The Malaysian government has paid lavishly in the past for Washington “swamp dwellers” to purchase influence and disparage its opponents and critics.

As the Journal editorial points out, during President Obama’s second term the Malaysians rewarded a major Democratic Party fundraiser handsomely for representing them, just before Najib secured an Obama state visit to Malaysia (the first by a US president in sixty years), and then received an even more unprecedented invitation from Obama to join him in Hawaii for a game of golf.

Back during George W. Bush’s first term, Malaysian business interests hired Belle Haven Consultants for fees in excess of $1 million over two years to promote Malaysian interests in the US.

Some of that money was reportedly used to influence the views of a prominent conservative think tank, through the intermediary of the Alexander Strategy Group, associated with former House Majority Leader Tom DeLay and the notorious Jack Abramoff.

During Obama’s first term, the Najib government paid millions to APCO Worldwide of Washington, a portion of which went to the London-based “Fact Based Communications, Ltd.” to hire an individual named Josh Trevino, to organize a network of bloggers to write blog posts disparaging opposition leader Anwar Ibrahim — whose coalition was growing in strength heading into the 2013 elections.

That game blew up when Trevino was fired by The Guardian of London for failing to disclose that he was on the Malaysian payroll while writing a supposedly independent column. That forced Trevino to file a belated foreign agent registration exposing the whole scheme.

Back in Malaysia, the government does more than merely disparage its critics. Just last week, in the latest development in the 1MDB case, FBI special agent Robert Heuchling asserted in a filing in court in Los Angeles that “identifying witnesses [in the case] could result in intimidation or threaten their safety,” citing “reports of local officials and politicians who have been arrested for purportedly disclosing information linked to 1MDB.”

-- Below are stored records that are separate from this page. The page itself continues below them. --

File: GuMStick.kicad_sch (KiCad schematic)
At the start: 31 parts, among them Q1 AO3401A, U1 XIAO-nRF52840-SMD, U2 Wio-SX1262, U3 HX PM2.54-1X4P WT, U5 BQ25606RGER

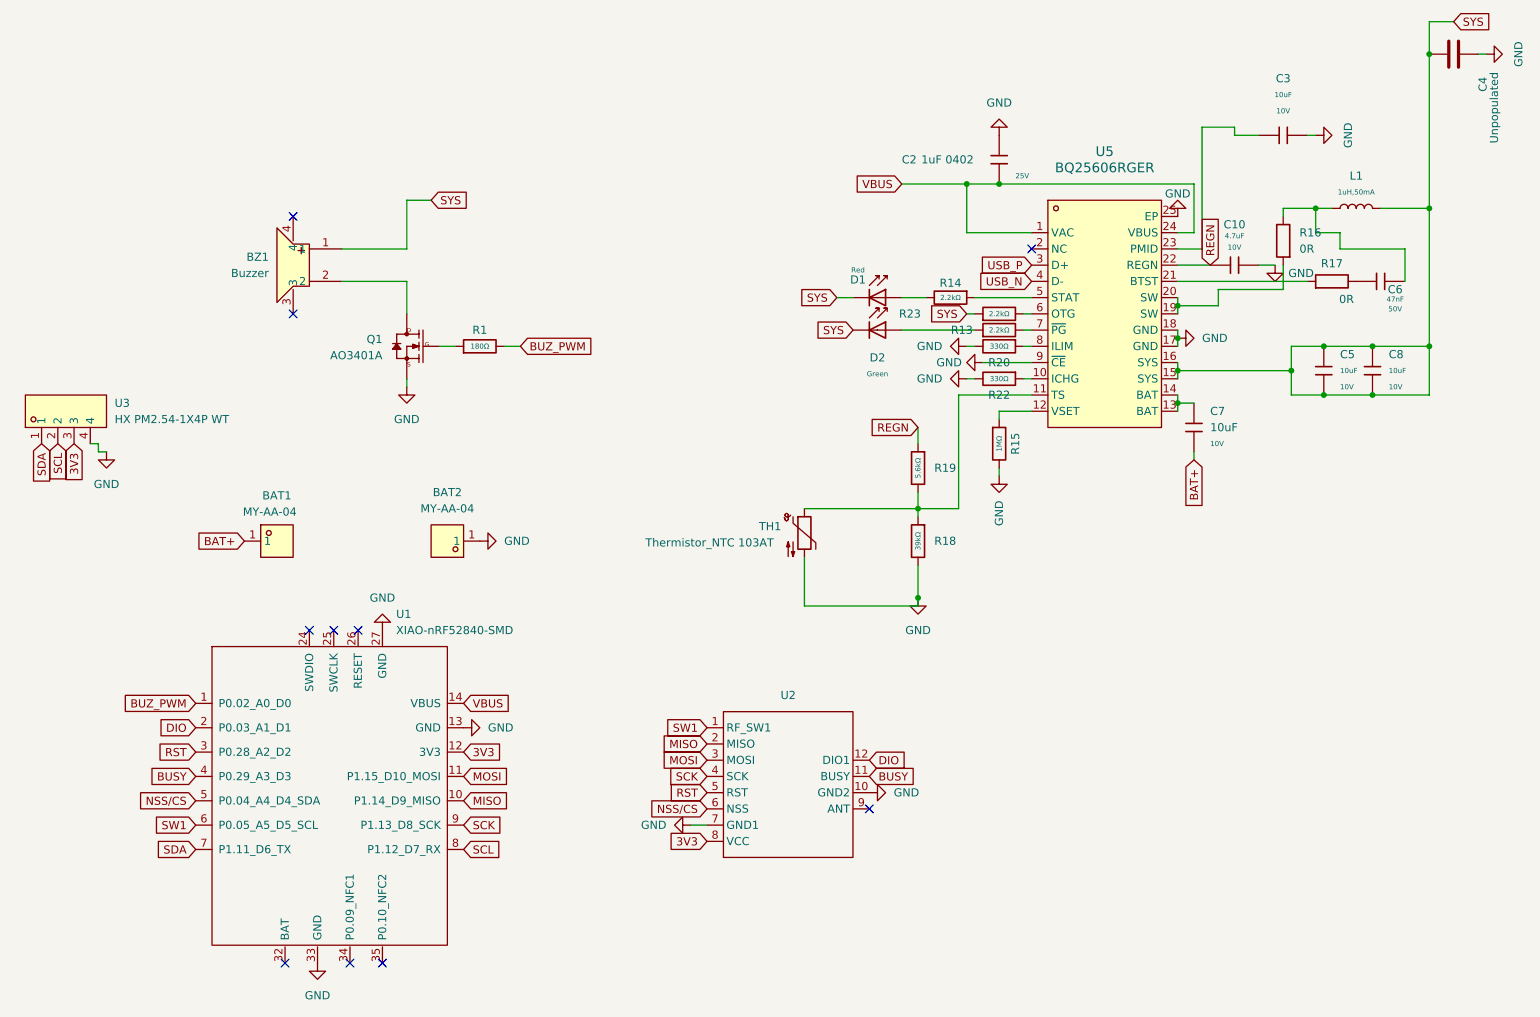
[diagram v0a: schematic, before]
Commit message: Schematic changes, PCB changes not yet complete. Removed error with debounce capacitor in series with Bat+, should have been parallel, prevented system from working. Added a second mosfet for reverse polarity protection (learned to put that in the hard way). Increased RICHG resistor value to lower the charging current to 1A, the battery was getting warm while charging. Future PCB changes will reflect this and move the thermistor pads to the back of the board where they're easier to access for soldering.
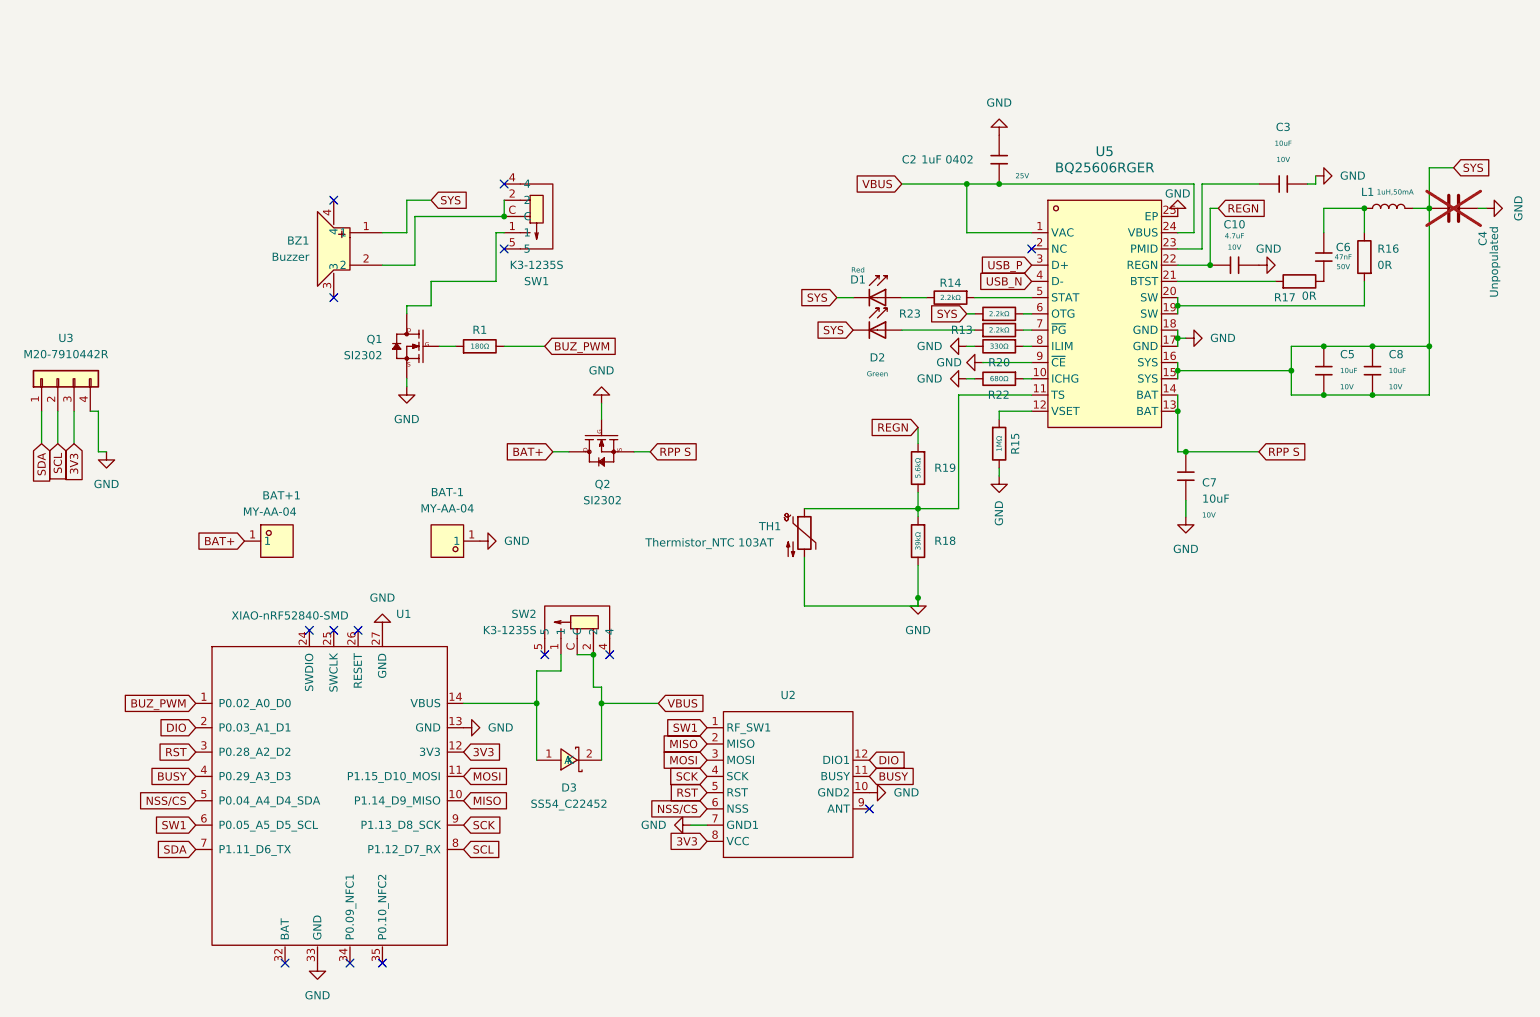
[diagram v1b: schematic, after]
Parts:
- added D3: SS54_C22452, easyeda2kicad:SMA_L4.4-W2.8-LS5.4-R-RD, symbol easyeda2kicad:SS54_C22452
- added Q2: SI2302, Package_TO_SOT_SMD:SOT-23, symbol OPL_Discrete_Semiconductor:SMD-MOSFET-N-CH-20V-2.1A-CJ2302_SOT-23_
- added SW1, SW2: K3-1235S, easyeda2kicad:SW-SMD_MK-11C04-G013, symbol easyeda2kicad:MK-11C04-G013
- BAT+1: renamed from BAT1; footprint easyeda2kicad:BAT-SMD_MY-AAA-06 -> easyeda2kicad:BAT-SMD_MY-AA-04
- BAT-1: renamed from BAT2; footprint easyeda2kicad:BAT-SMD_MY-AAA-06 -> easyeda2kicad:BAT-SMD_MY-AA-04
- BZ1: MANUFACTURER (none) -> CUI Inc.; MAXIMUM_PACKAGE_HEIGHT (none) -> 4.00mm; PARTREV (none) -> 1.0; STANDARD (none) -> Manufacturer Recommendations
- C10: MPN (none) -> CL05A475MP5NRNC
- C2: MPN (none) -> CL05A105KA5NQNC
- C3, C5, C7, C8: MPN (none) -> CL10A106KP8NNNC
- C4: now not fitted
- C6: MPN (none) -> CL10B473KB8NNNC
- D1: footprint PCM_JLCPCB:D_0603 -> PCM_JLCPCB:D_0805; symbol PCM_JLCPCB-Diodes:LED,0603,Red -> PCM_JLCPCB-Diodes:LED,0805,Red; Category Optocouplers & LEDs & Infrared,Light Emitting Diodes (LED) -> Optoelectronics,Light Emitting Diodes (LED); Diode Configuration (none) -> Independent Diode; Dominant Wavelength (none) -> 615nm~630nm; Emitted Color (none) -> Red; Forward Current (none) -> 25mA; Forward Voltage (VF) (none) -> 1.6V~2.6V; LCSC C2286 -> C84256; Lens Color (none) -> Colorless Transparent Lens; Luminous Intensity (none) -> 67mcd~195mcd; MPN (none) -> NCD0805R1; Manufacturer Hubei KENTO Elec -> Foshan NationStar Optoelectronics; Operating Temperature (none) -> -30°C~+85°C; Part KT-0603R -> (none); Power Dissipation (none) -> 65mW; Price 0.009USD -> 0.016USD; Stock 5373336 -> 2976925; Viewing Angle (none) -> 130°
- D2: MPN (none) -> KT-0805G
- L1: MPN (none) -> SDFL2012Q1R0KTF
- Q1: value AO3401A -> SI2302; MPN CJ2302 -> SI2302CDS-T1-GE3; Manufacturer (none) -> Vishay; SKU 305030015 -> (none)
- R1: MPN (none) -> 0603WAF1800T5E
- R13, R14, R23: MPN (none) -> 0402WGF2201TCE
- R15: MPN (none) -> 0402WGF1004TCE
- R16, R17: MPN (none) -> 0603WAF0000T5E
- R18: MPN (none) -> 0603WAF3902T5E
- R19: MPN (none) -> 0603WAF5601T5E
- R20: MPN (none) -> 0402WGF3300TCE
- R22: value 330Ω -> 680Ω; symbol PCM_JLCPCB-Resistors:0402,330Ω -> PCM_JLCPCB-Resistors:0402,680Ω; Class Basic Component -> Preferred Component; LCSC C25104 -> C25130; MPN (none) -> 0402WGF3300TCE; Part 0402WGF3300TCE -> 0402WGF6800TCE; Resistance 330Ω -> 680Ω; Stock 1159127 -> 315941
- TH1: MPN (none) -> 103AT-4-70374; Manufacturer (none) -> Semitec
- U1: MPN (none) -> 102010448; Manufacturer (none) -> Seeed Studio
- U2: MPN (none) -> Wio-SX1262
- U3: value HX PM2.54-1X4P WT -> M20-7910442R; footprint easyeda2kicad:CONN-SMD_4P-P2.54_HX-PM2.54-1X4PWT -> M20_7910442R 4 pin Header:MF254RS-11-04-0743 XFCN 4 Pin Machined Header; symbol easyeda2kicad:HXPM2.54-1X4PWT -> M20-7910442R 4 pin Header:MF254RS-11-04-0743_4_pin_Machined_Header; LCSC Part C46061768 -> (none); MPN HX PM2.54-1x4P WT -> MF254RS-11-04-0743; Manufacturer hanxia(韩下) -> XFCN
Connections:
- net BAT+: now also Q2.3 (D); no longer C7.2
- net GND: now also C7.2, Q2.1 (G)
- net VBUS: now also D3.2 (K), SW2.2, SW2.C; no longer U1.14 (VBUS)
- net RPP S: now reaches C7.1, U5.13 (BAT), U5.14 (BAT)
- net RPP S: now also Q2.2 (S)
- net at Q1.3 (D): now also SW1.1; no longer BZ1.2
- new net: D3.1 (A), SW2.1, U1.14 (VBUS)
- new net: BZ1.2, SW1.2, SW1.C
- no-connect marks 10 -> 14
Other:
- moved on the sheet: BZ1, C3, C6, C7, L1, R16, R17
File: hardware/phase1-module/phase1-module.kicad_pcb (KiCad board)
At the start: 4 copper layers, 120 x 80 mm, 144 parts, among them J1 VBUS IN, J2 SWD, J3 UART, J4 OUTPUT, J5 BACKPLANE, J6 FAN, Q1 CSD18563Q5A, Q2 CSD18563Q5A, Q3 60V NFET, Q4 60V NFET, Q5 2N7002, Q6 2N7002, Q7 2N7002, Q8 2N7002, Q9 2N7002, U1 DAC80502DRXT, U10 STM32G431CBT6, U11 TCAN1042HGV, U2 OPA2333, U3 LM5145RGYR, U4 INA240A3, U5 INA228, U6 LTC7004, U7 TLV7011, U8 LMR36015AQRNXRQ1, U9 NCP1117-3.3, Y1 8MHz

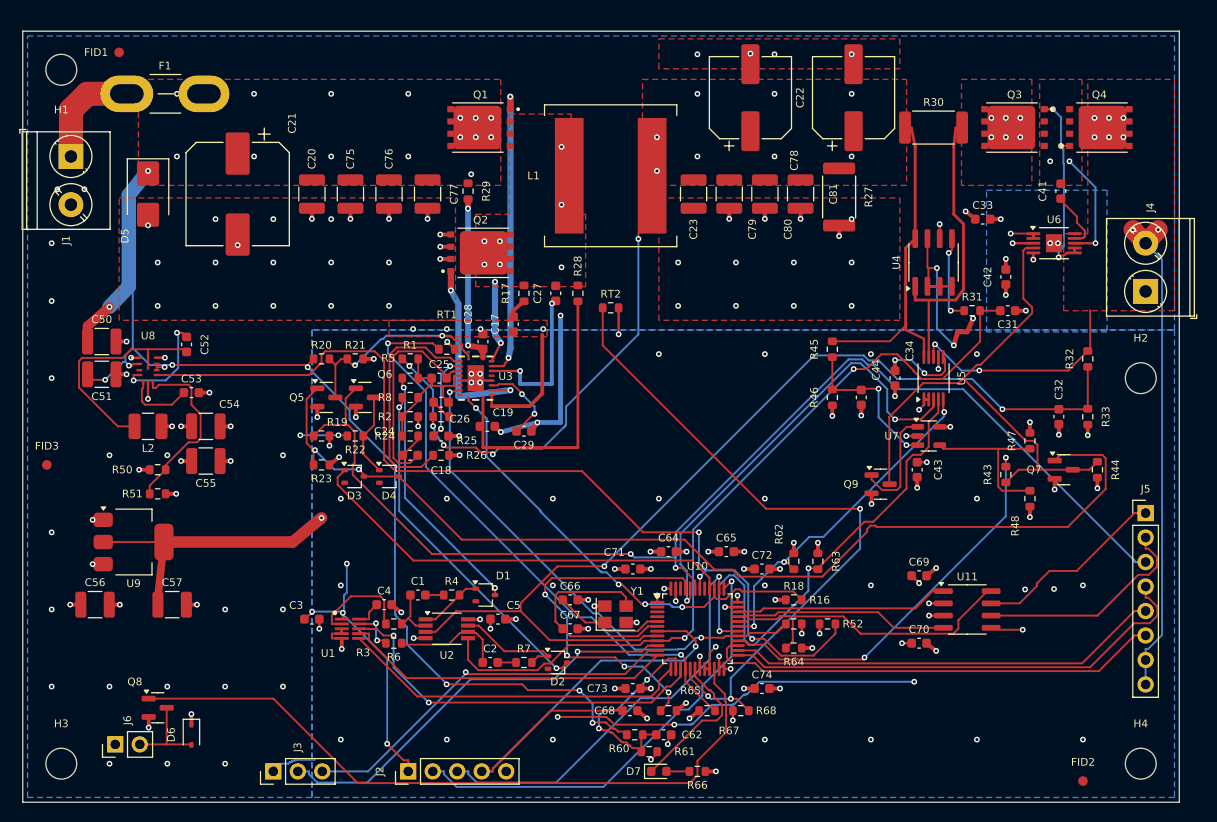
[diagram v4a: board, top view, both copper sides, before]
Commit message: Phase-1 100x80 (WIP): re-place output section around the 17 mm L1 land
Placement, pours and pass-1 copper for the 100 x 80 board; routing to follow.
Also corrects the Phase-1 F1 BOM note (direct-solder mini blade land).

Co-Authored-By: Claude Opus 5.5 (1M context) <noreply@anthropic.com>
Claude-Session: https://claude.ai/code/session_017ZrT5TjsLMQoxTZy1jabew
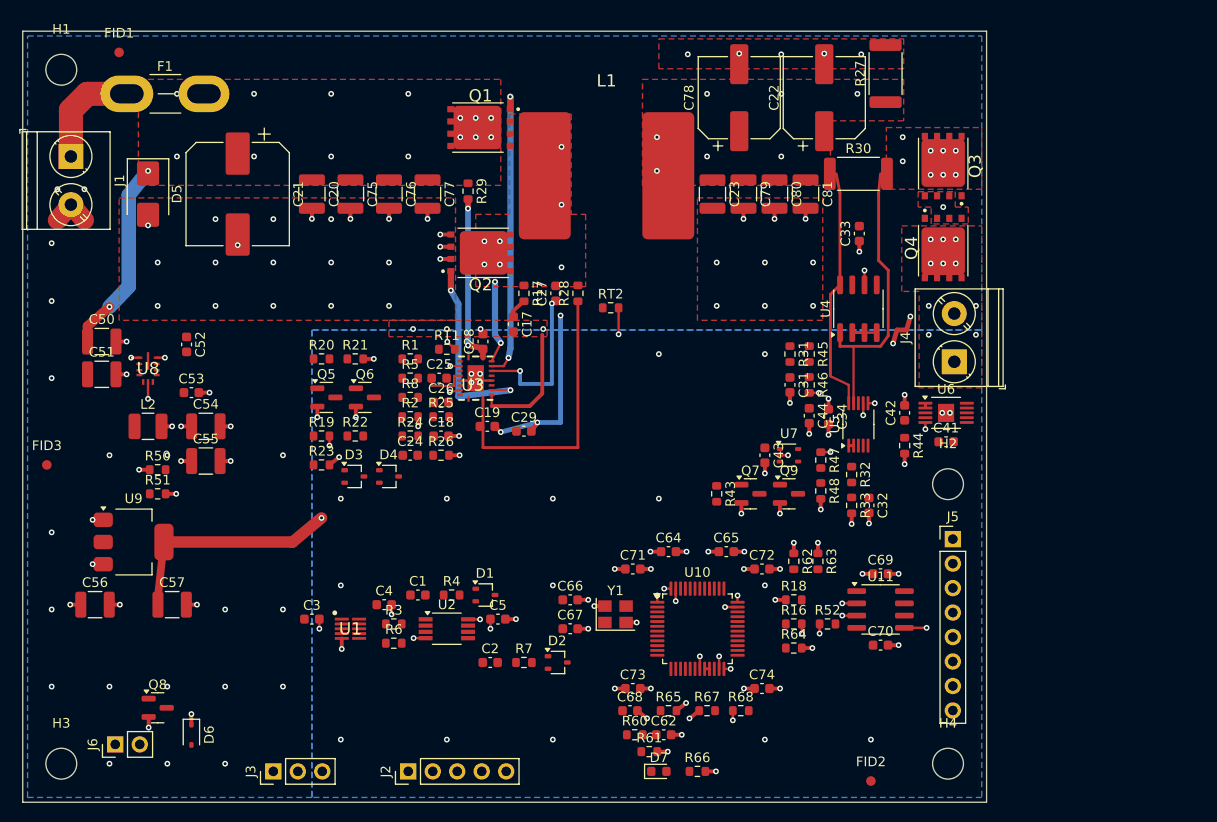
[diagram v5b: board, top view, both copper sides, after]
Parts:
- C1, C17, C18, C19, C2, C24, C25, C26, C27, C28, C29, C3, C31, C32, C33, C34, C4, C41, C42, C43, C44, C5, C52, C53, C62, C64, C65, C68, C69, C70, C71, C72, C73, C74: footprint Capacitor_SMD:C_0603_1608Metric -> C_0603_1608Metric
- C20, C23, C50, C51, C54, C55, C56, C57, C75, C76, C77, C79, C80, C81: footprint Capacitor_SMD:C_1210_3225Metric -> C_1210_3225Metric
- C21: footprint Capacitor_SMD:CP_Elec_10x10.5 -> CP_Elec_10x10.5
- C22, C78: footprint Capacitor_SMD:CP_Elec_8x11.9 -> CP_Elec_8x11.9
- C66, C67: value 10p -> 18p; footprint Capacitor_SMD:C_0603_1608Metric -> C_0603_1608Metric
- D1, D2, D3, D4: footprint Package_TO_SOT_SMD:SOT-323_SC-70 -> SOT-323_SC-70
- D5: footprint Diode_SMD:D_SMB -> D_SMB
- D6: footprint Diode_SMD:D_SOD-323 -> D_SOD-323
- D7: footprint LED_SMD:LED_0603_1608Metric -> LED_0603_1608Metric
- F1: footprint Fuse:Fuse_Blade_Mini_directSolder -> Fuse_Blade_Mini_directSolder
- FID1, FID2, FID3: footprint Fiducial:Fiducial_1mm_Mask2mm -> Fiducial_1mm_Mask2mm
- H1, H2, H3, H4: footprint MountingHole:MountingHole_3.2mm_M3 -> MountingHole_3.2mm_M3
- J1, J4: footprint TerminalBlock_Phoenix:TerminalBlock_Phoenix_PT-1,5-2-5.0-H_1x02_P5.00mm_Horizontal -> TerminalBlock_Phoenix_PT-1,5-2-5.0-H_1x02_P5.00mm_Horizontal
- J2: footprint Connector_PinHeader_2.54mm:PinHeader_1x05_P2.54mm_Vertical -> PinHeader_1x05_P2.54mm_Vertical
- J3: footprint Connector_PinHeader_2.54mm:PinHeader_1x03_P2.54mm_Vertical -> PinHeader_1x03_P2.54mm_Vertical
- J5: footprint Connector_PinHeader_2.54mm:PinHeader_1x08_P2.54mm_Vertical -> PinHeader_1x08_P2.54mm_Vertical
- J6: footprint Connector_PinHeader_2.54mm:PinHeader_1x02_P2.54mm_Vertical -> PinHeader_1x02_P2.54mm_Vertical
- L1: value XAL1350-103ME 10u/14A -> 10u MWSA1707S-100/XAL1350; footprint Inductor_SMD:L_Coilcraft_XAL1350-XXX -> L_1707_XAL1510
- L2: footprint Inductor_SMD:L_1210_3225Metric -> L_1210_3225Metric
- NT1: footprint NetTie:NetTie-2_SMD_Pad0.5mm -> NetTie-2_SMD_Pad0.5mm
- Q1, Q2, Q3, Q4: footprint labbench:PowerFET_SON5x6_GDS -> PowerFET_SON5x6_GDS
- Q5, Q6, Q7, Q8, Q9: footprint Package_TO_SOT_SMD:SOT-23 -> SOT-23
- R1, R16, R17, R18, R19, R2, R20, R21, R22, R23, R24, R25, R26, R28, R29, R3, R31, R32, R33, R4, R43, R44, R45, R46, R47, R48, R5, R50, R51, R52, R6, R60, R61, R62, R63, R64, R65, R66, R67, R68, R7, R8, RT1, RT2: footprint Resistor_SMD:R_0603_1608Metric -> R_0603_1608Metric
- R27, R30: footprint Resistor_SMD:R_2512_6332Metric -> R_2512_6332Metric
- U1: footprint labbench:DAC80502_DRX_WSON-10 -> DAC80502_DRX_WSON-10
- U10: footprint Package_QFP:LQFP-48_7x7mm_P0.5mm -> LQFP-48_7x7mm_P0.5mm
- U11, U4: footprint Package_SO:SOIC-8_3.9x4.9mm_P1.27mm -> SOIC-8_3.9x4.9mm_P1.27mm
- U2: footprint Package_SO:VSSOP-8_3.0x3.0mm_P0.65mm -> VSSOP-8_3.0x3.0mm_P0.65mm
- U3: footprint labbench:LM5145_RGY0020B -> LM5145_RGY0020B
- U5: footprint Package_SO:VSSOP-10_3x3mm_P0.5mm -> VSSOP-10_3x3mm_P0.5mm
- U6: footprint Package_SO:MSOP-10-1EP_3x3mm_P0.5mm_EP1.68x1.88mm -> MSOP-10-1EP_3x3mm_P0.5mm_EP1.68x1.88mm
- U7: value TLV7011 -> TLV7011DCK; footprint Package_TO_SOT_SMD:SOT-23-5 -> SOT-353_SC-70-5
- U8: footprint labbench:LMR36015_RNX_VQFN-HR-12 -> LMR36015_RNX_VQFN-HR-12
- U9: footprint Package_TO_SOT_SMD:SOT-223-3_TabPin2 -> SOT-223-3_TabPin2
- Y1: footprint Crystal:Crystal_SMD_3225-4Pin_3.2x2.5mm -> Crystal_SMD_3225-4Pin_3.2x2.5mm
- moved Q7 32.6 mm to (95.5, 68.0)
- moved R43 30.1 mm to (92.0, 68.0)
- moved C41 28.6 mm to (115.8, 62.6), turned to 0 degrees
- moved R32 27.3 mm to (106.0, 66.0)
- moved R33 26.2 mm to (106.0, 69.2)
- moved C31 23.9 mm to (99.6, 56.7), turned to -90 degrees
- moved H2 22.8 mm to (116.0, 67.0)
- moved FID2 22.0 mm to (108.0, 97.8)
- moved R47 21.8 mm to (102.8, 64.5)
- moved C32 21.7 mm to (107.8, 69.2)
- moved R48 21.7 mm to (102.8, 67.7)
- moved J4 21.1 mm to (116.7, 54.3)
- moved U6 20.9 mm to (115.8, 59.6)
- moved Q4 20.5 mm to (115.5, 42.5), turned to 90 degrees
- moved J5 20.2 mm to (116.5, 72.7)
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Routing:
- net HW_EN: track 122.9 -> 0.00 mm, vias 2 -> 0
- net EN_KILL: track 109.4 -> 0.00 mm, vias 2 -> 0
- net V_MEAS: track 103.4 -> 0.00 mm, vias 2 -> 0
- net AUX_PG: track 100.1 -> 0.00 mm, vias 3 -> 0
- net VBUS_F: track 117.4 -> 20.2 mm, vias 25 -> 16
- net I_MEAS: track 83.5 -> 0.00 mm, vias 2 -> 0
- net FAN_PWM: track 73.7 -> 0.00 mm
- net NTC_IND: track 71.3 -> 0.00 mm, vias 3 -> 0
- net NTC_FET: track 61.8 -> 0.00 mm, vias 2 -> 0
- net DISC_INP: track 57.8 -> 0.00 mm
- net VOUT_INT: track 82.5 -> 25.5 mm, vias 13 -> 7
- net I2C_SDA: track 52.1 -> 0.00 mm, vias 2 -> 0
- net PS_FPWM: track 52.8 -> 1.07 mm, vias 2 -> 1
- net NRST: track 50.2 -> 0.00 mm, vias 1 -> 0
- net SLOT_ID0: track 50.0 -> 0.00 mm
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- removed copper zone on In2.Cu, net DISC_SRC
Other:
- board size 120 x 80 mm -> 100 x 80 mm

He also cited Malaysian press reports from August 30 that said “the driver of former Malaysian Attorney-General Abdul Gani Patail was shot in public as a possible warning against assisting the US government in the case.”

If President Trump were serious about “draining the swamp” in Washington, he should have found a diplomatic excuse to postpone this embarrassing meeting. Doing so would have sent a strong signal to other lobbyists attempting to sell access to the President.

Having failed to do that, at a minimum he should find out who was responsible for inviting the Malaysian swamp to the White House. And if they did not properly inform him of the scandal surrounding Najib, someone needs to be disciplined.

Paul Wolfowitz is a visiting scholar at the American Enterprise Institute (AEI).

Before joining AEI, he spent more than three decades in public service and higher education, working in the administrations of seven different presidents. Most recently, he served as president of the World Bank and deputy secretary of defense. At the World Bank he focused on the problem of corruption and the challenges of sub-Saharan Africa. As ambassador to Indonesia and assistant secretary of state for East Asia in the Reagan administration, Mr. Wolfowitz was an advocate of reform and political openness. He was involved in Persian Gulf security for almost 30 years during three different tours at the Department of Defense.

  1. #1 by Justice Ipsofacto on Friday, 15 September 2017 - 5:29 pm

    Another election manifesto for PAKATAN.

    If pakatan forms the next government, the pakatan government would

    1. revoke jib’s pledge to help trump to strengthen the american economy and

    2. cancel jib’s american shopping list that runs into tens of billions of USD.

  2. #2 by good coolie on Saturday, 16 September 2017 - 12:07 am

    The office of the President of America used to attract awe and admiration. Trump, like Nixon, has soiled the reputation of the White House. Shady types congregate there these days; and good people would consider it a disservice to be invited there.